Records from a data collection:
┌──

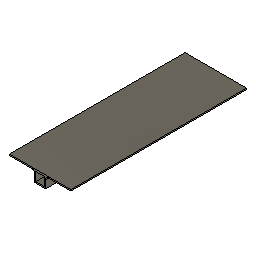
electronic_component_holder better (Autodesk Fusion 360 design; units mm, degrees)
Autodesk Fusion 360 part; units mm, degrees
sketch "Sketch1" plane through (0, 0, 0) normal (0, 0, 1) x (1, 0, 0)
  line L0 (0, 0) -> (17, 0)
  line L1 (17, 0) -> (17, 200)
  line L2 (17, 200) -> (0, 200)
  line L3 (0, 200) -> (0, 0)
  line L4 (5, 0) -> (5, 200)
  line L5 (12, 0) -> (12, 200)
  dimension "d1" = 17
  dimension "d2" = 200
  dimension "d3" = 200
  dimension "d4" = 7
  dimension "d5" = 200
  constraint horizontal L0
  constraint vertical L1
  constraint horizontal L2
  constraint vertical L3
  constraint coincident L0.start L3.end
  constraint coincident L0 L4.start
  constraint perpendicular L0 L5
  measures "d1" distance of L0.start L0.end
  measures "d2" distance of L0.start L2.end
  measures "d3" distance of L4.start L4.end
  measures "d4" distance of L4.start L5.start
  measures "d5" distance of L5.start L5.end
extrude "Extrude1" add sketch "Sketch1" along normal blind 5
sketch "Sketch2" plane through (0, 0, 5) normal (0, 0, 1) x (-1, 0, 0)
  line L0 (0, -200) -> (0, 0)
  line L1 (0, 0) -> (-17, 0)
  line L2 (-17, 0) -> (-17, -200)
  line L3 (-17, -200) -> (0, -200)
  line L4 (-5, 0) -> (-5, -200)
  line L5 (-12, 0) -> (-12, -200)
  dimension "d8" = 5
  dimension "d9" = 7
  dimension "d10" = 200
  dimension "d11" = 200
  constraint perpendicular L1 L4
  constraint perpendicular L1 L5
  measures "d8" distance of L0.end L4.start
  measures "d9" distance of L4.start L5.start
  measures "d10" distance of L4.start L4.end
  measures "d11" distance of L5.start L5.end
extrude "Extrude2" add sketch "Sketch2" along normal blind 12 contours L0 L1 L3 L4 | L1 L2 L3 L5
sketch "Sketch3" plane through (12, 0, 0) normal (-1, 0, 0) x (0, -1, 0)
  line L0 (-200, 5) -> (0, 5)
  line L1 (0, 5) -> (0, 17)
  line L2 (0, 17) -> (-200, 17)
  line L3 (-200, 17) -> (-200, 5)
  line L4 (0, 17) -> (0, 12)
  line L5 (0, 12) -> (-200, 12)
  dimension "d14" = 200
  constraint coincident L1.end L2.start
  constraint coincident L1 L4.end
  constraint perpendicular L2 L4
  constraint perpendicular L4 L5
  measures "d14" distance of L4.end L5.end
extrude "Extrude3" add sketch "Sketch3" along normal blind 7 contours L1 L2 L3 L4 L5
move_face "OffsetFaces1" offset -0.5 4 faces at (12, 133.3333, 9.6667) (9.6667, 66.6667, 12) (5, 133.3333, 9.6667) (7.3333, 133.3333, 5)
sketch "Sketch4" plane through (0, 0, 17) normal (0, 0, 1) x (-1, 0, 0)
  line L0 (-17, -200) -> (0, -200)
  line L1 (0, -200) -> (0, 0)
  line L2 (0, 0) -> (-17, 0)
  line L3 (-17, 0) -> (-17, -200)
  line L4 (25, 0) -> (25, -200)
  line L5 (-42, 0) -> (-42, -200)
  line L6 (25, -200) -> (-42, -200)
  line L7 (25, 0) -> (-42, 0)
  dimension "d18" = 25
  dimension "d19" = 25
  constraint perpendicular L5 L6
  constraint perpendicular L5 L7
  measures "d18" distance of L2.end L5.start
  measures "d19" distance of L1.end L4.start
extrude "Extrude4" add sketch "Sketch4" along normal blind 2.5
move_face "OffsetFaces2" offset -3 3 faces at (17, 133.3333, 11.3333) (5.6667, 133.3333, 0) (0, 133.3333, 5.6667)
move_face "MoveFace1" by (0, 0, 3) 4 faces at (7.1667, 133.3333, 12.5) (4.5, 133.3333, 9.8333) (7.1667, 133.3333, 4.5) (12.5, 133.3333, 9.8333)
extrude "Extrude5" cut 1 faces at (6.6667, 133.3333, 3) along direction (0, 0, 1) blind 3
extrude "Extrude6" cut 1 faces at (19.6667, 133.3333, 19.5) along direction (0, 0, -1) blind 1
move_face "OffsetFaces3" offset 0.5 4 faces at (12.5, 133.3333, 12.8333) (7.1667, 133.3333, 7.5) (7.1667, 133.3333, 15.5) (4.5, 133.3333, 12.8333)
move_face "OffsetFaces4" offset 1 4 faces at (5, 133.3333, 12.6667) (7.3333, 133.3333, 8) (12, 133.3333, 12.6667) (7.3333, 66.6667, 15)
move_face "OffsetFaces5" offset -0.5 4 faces at (11, 133.3333, 12.3333) (7.6667, 133.3333, 14) (6, 133.3333, 12.3333) (7.6667, 133.3333, 9)
move_face "OffsetFaces6" offset -0.5 3 faces at (14, 133.3333, 13.3333) (6.6667, 133.3333, 6) (3, 133.3333, 9.6667)
move_face "OffsetFaces7" offset -0.5 3 faces at (13.5, 133.3333, 13.5) (6.8333, 133.3333, 6.5) (3.5, 133.3333, 10)
move_face "OffsetFaces8" offset -0.5 3 faces at (13, 133.3333, 13.6667) (7, 133.3333, 7) (4, 133.3333, 10.3333)
move_face "MoveFace2" by (0, 0, 3) 4 faces at (11.5, 133.3333, 12.5) (7.5, 66.6667, 14.5) (7.5, 133.3333, 8.5) (5.5, 133.3333, 12.5)
move_face "OffsetFaces9" offset -3 1 faces at (7.1667, 133.3333, 7.5)
move_face "OffsetFaces10" offset -0.5 2 faces at (32.1667, 133.3333, 17) (-5.3333, 66.6667, 17)
extrude "Extrude7" add 1 faces at (7.1667, 133.3333, 10.5) along direction (0, 0, -1) blind 0.5
move_face "MoveFace3" by (0, 0, -0.5) 4 faces at (11.5, 133.3333, 15.5) (7.5, 66.6667, 17.5) (5.5, 133.3333, 15.5) (7.5, 133.3333, 11.5)
move_face "OffsetFaces11" offset -4.5 1 faces at (42, 133.3333, 18.1667)
move_face "OffsetFaces12" offset -4.5 1 faces at (-25, 133.3333, 18.1667)
move_face "OffsetFaces13" offset 50 1 faces at (7.1667, 0, 18.1667)
move_face "OffsetFaces14" offset -0.5 4 faces at (11.5, 116.6667, 15) (7.5, 116.6667, 11) (5.5, 116.6667, 15) (7.5, 116.6667, 17)
move_face "OffsetFaces15" offset 0.5 3 faces at (12.5, 116.6667, 15) (7.1667, 116.6667, 10) (4.5, 116.6667, 12.5)
move_face "OffsetFaces16" offset 0.5 1 faces at (7, 116.6667, 9.5)
move_face "MoveFace4" by (0, 0, -0.5) 4 faces at (12, 116.6667, 15.1667) (7.3333, 116.6667, 10.5) (5, 116.6667, 15.1667) (7.3333, 116.6667, 17.5)
move_face "OffsetFaces17" offset 0.5 4 faces at (12, 116.6667, 14.6667) (7.3333, 116.6667, 17) (5, 116.6667, 14.6667) (7.3333, 116.6667, 10)
move_face "MoveFace5" by (0, 0, 0.5) 4 faces at (5.5, 116.6667, 14.5) (7.5, 116.6667, 10.5) (11.5, 116.6667, 14.5) (7.5, 116.6667, 16.5)
move_face "OffsetFaces18" offset -0.5 1 faces at (7, 116.6667, 9)
move_face "OffsetFaces19" offset -0.02 1 faces at (7.5, 116.6667, 11)
move_face "OffsetFaces20" offset -0.2 2 faces at (11.5, 116.6667, 14.9933) (5.5, 116.6667, 14.9933)
move_face "OffsetFaces21" offset -0.18 2 faces at (7.4333, 116.6667, 17) (7.4333, 116.6667, 10.98)
move_face "OffsetFaces22" offset 0.18 1 faces at (7.4333, 116.6667, 17.18)
move_face "OffsetFaces23" offset 0.1 2 faces at (11.7, 116.6667, 14.9333) (5.3, 116.6667, 14.9333)
move_face "OffsetFaces24" offset 0.1 2 faces at (13, 116.6667, 14.8333) (4, 116.6667, 12.1667)
move_face "OffsetFaces25" offset 0.2 1 faces at (6.9667, 116.6667, 9.5)
move_face "OffsetFaces26" offset -1 1 faces at (18.1667, 116.6667, 18.5)
move_face "OffsetFaces27" offset -202.2 1 faces at (9.5333, -50, 9.8)
move_face "OffsetFaces28" offset 1 1 faces at (9.5333, 152.2, 9.8)
move_face "OffsetFaces29" offset -0.4 4 faces at (11.6, 183.7333, 14.9333) (9.5333, 183.7333, 17) (5.4, 183.7333, 14.9333) (7.4667, 183.7333, 10.8)
extrude "Extrude8" cut 1 faces at (6.9667, 183.7333, 9.3) along direction (0, 0, 1) blind 0.1
extrude "Extrude9" cut 1 faces at (13.1, 183.7333, 14.8) along direction (-1, 0, 0) blind 0.1
extrude "Extrude10" cut 1 faces at (3.9, 167.4667, 14.8) along direction (1, 0, 0) blind 0.1
extrude "Extrude11" add 1 faces at (10, 183.7333, 17.5) along direction (0, 0, 1) blind 0.9
sketch "Sketch5" plane through (13, 0, 0) normal (1, 0, 0) x (0, 1, 0)
  line L0 (151.2, 9.4) -> (200, 9.4)
  line L1 (200, 9.4) -> (200, 18.4)
  line L2 (200, 18.4) -> (151.2, 18.4)
  line L3 (151.2, 18.4) -> (151.2, 9.4)
  line L4 (151.2, 18.4) -> (151.2, 17.4)
  line L5 (151.2, 17.4) -> (200, 17.4)
  dimension "d64" = 1
  constraint coincident L2.end L3.start
  constraint perpendicular L2 L4
  constraint coincident L1 L5.end
  constraint perpendicular L1 L5
  measures "d64" distance of L2.end L4.end
extrude "Extrude12" add sketch "Sketch5" along normal blind 5 contours L1 L2 L3 L4 L5
sketch "Sketch6" plane through (4, 0, 0) normal (-1, 0, 0) x (0, -1, 0)
  line L0 (-200, 9.4) -> (-151.2, 9.4)
  line L1 (-151.2, 9.4) -> (-151.2, 18.4)
  line L2 (-151.2, 18.4) -> (-200, 18.4)
  line L3 (-200, 18.4) -> (-200, 9.4)
  line L4 (-151.2, 18.4) -> (-151.2, 17.4)
  line L5 (-151.2, 17.4) -> (-200, 17.4)
  dimension "d67" = 1
  constraint coincident L1.end L2.start
  constraint perpendicular L2 L4
  constraint coincident L3 L5.end
  constraint perpendicular L3 L5
  measures "d67" distance of L1.end L4.end
extrude "Extrude13" add sketch "Sketch6" along normal blind 5 contours L1 L2 L3 L4 L5
fillet "Fillet1" radius 2 1 edges at (4, 175.6, 17.4)
fillet "Fillet2" radius 2 1 edges at (13, 175.6, 17.4)
extrude "Extrude14" add 1 faces at (18, 183.7333, 17.7333) along direction (1, 0, 0) blind 5
extrude "Extrude15" add 1 faces at (-1, 167.4667, 17.7333) along direction (-1, 0, 0) blind 5
extrude "Extrude16" cut 1 faces at (13.3333, 183.7333, 18.4) along direction (0, 0, -1) blind 0.5
extrude "Extrude17" add 1 faces at (7.3333, 183.7333, 17.4) along direction (0, 0, -1) blind 0.5
extrude "Extrude18" cut 1 faces at (7.3333, 183.7333, 10.4) along direction (0, 0, -1) blind 0.5
extrude "Extrude19" add 1 faces at (7, 167.4667, 9.4) along direction (0, 0, -1) blind 0.5
extrude "Extrude20" add 1 faces at (23, 183.7333, 17.5667) along direction (1, 0, 0) blind 10
extrude "Extrude21" add 1 faces at (-6, 167.4667, 17.5667) along direction (-1, 0, 0) blind 10
extrude "Extrude22" add 1 faces at (16.6667, 183.7333, 17.9) along direction (0, 0, 1) blind 1.5
extrude "Extrude23" cut 1 faces at (16.6667, 183.7333, 19.4) along direction (0, 0, -1) blind 1
extrude "Extrude24" add 1 faces at (6.3333, 200, 18.0667) along direction (0, 1, 0) blind 125.2
extrude "Extrude25" cut 1 faces at (6.3333, 325.2, 18.0667) along direction (0, -1, 0) blind 34
equation "d94 = 140 mm - 14.8 mm"

└──

PROBLEM DESCRIPTION:
The stretch of entries above that starts with the line containing "(3, 133.3333, 9.6667)" and goes on through the line containing "(-25, 133.3333, 18.1667)" is to be transcribed exactly, and no other line is to be transcribed.

OUTPUT FOR THIS EXERCISE:
move_face "OffsetFaces6" offset -0.5 3 faces at (14, 133.3333, 13.3333) (6.6667, 133.3333, 6) (3, 133.3333, 9.6667)
move_face "OffsetFaces7" offset -0.5 3 faces at (13.5, 133.3333, 13.5) (6.8333, 133.3333, 6.5) (3.5, 133.3333, 10)
move_face "OffsetFaces8" offset -0.5 3 faces at (13, 133.3333, 13.6667) (7, 133.3333, 7) (4, 133.3333, 10.3333)
move_face "MoveFace2" by (0, 0, 3) 4 faces at (11.5, 133.3333, 12.5) (7.5, 66.6667, 14.5) (7.5, 133.3333, 8.5) (5.5, 133.3333, 12.5)
move_face "OffsetFaces9" offset -3 1 faces at (7.1667, 133.3333, 7.5)
move_face "OffsetFaces10" offset -0.5 2 faces at (32.1667, 133.3333, 17) (-5.3333, 66.6667, 17)
extrude "Extrude7" add 1 faces at (7.1667, 133.3333, 10.5) along direction (0, 0, -1) blind 0.5
move_face "MoveFace3" by (0, 0, -0.5) 4 faces at (11.5, 133.3333, 15.5) (7.5, 66.6667, 17.5) (5.5, 133.3333, 15.5) (7.5, 133.3333, 11.5)
move_face "OffsetFaces11" offset -4.5 1 faces at (42, 133.3333, 18.1667)
move_face "OffsetFaces12" offset -4.5 1 faces at (-25, 133.3333, 18.1667)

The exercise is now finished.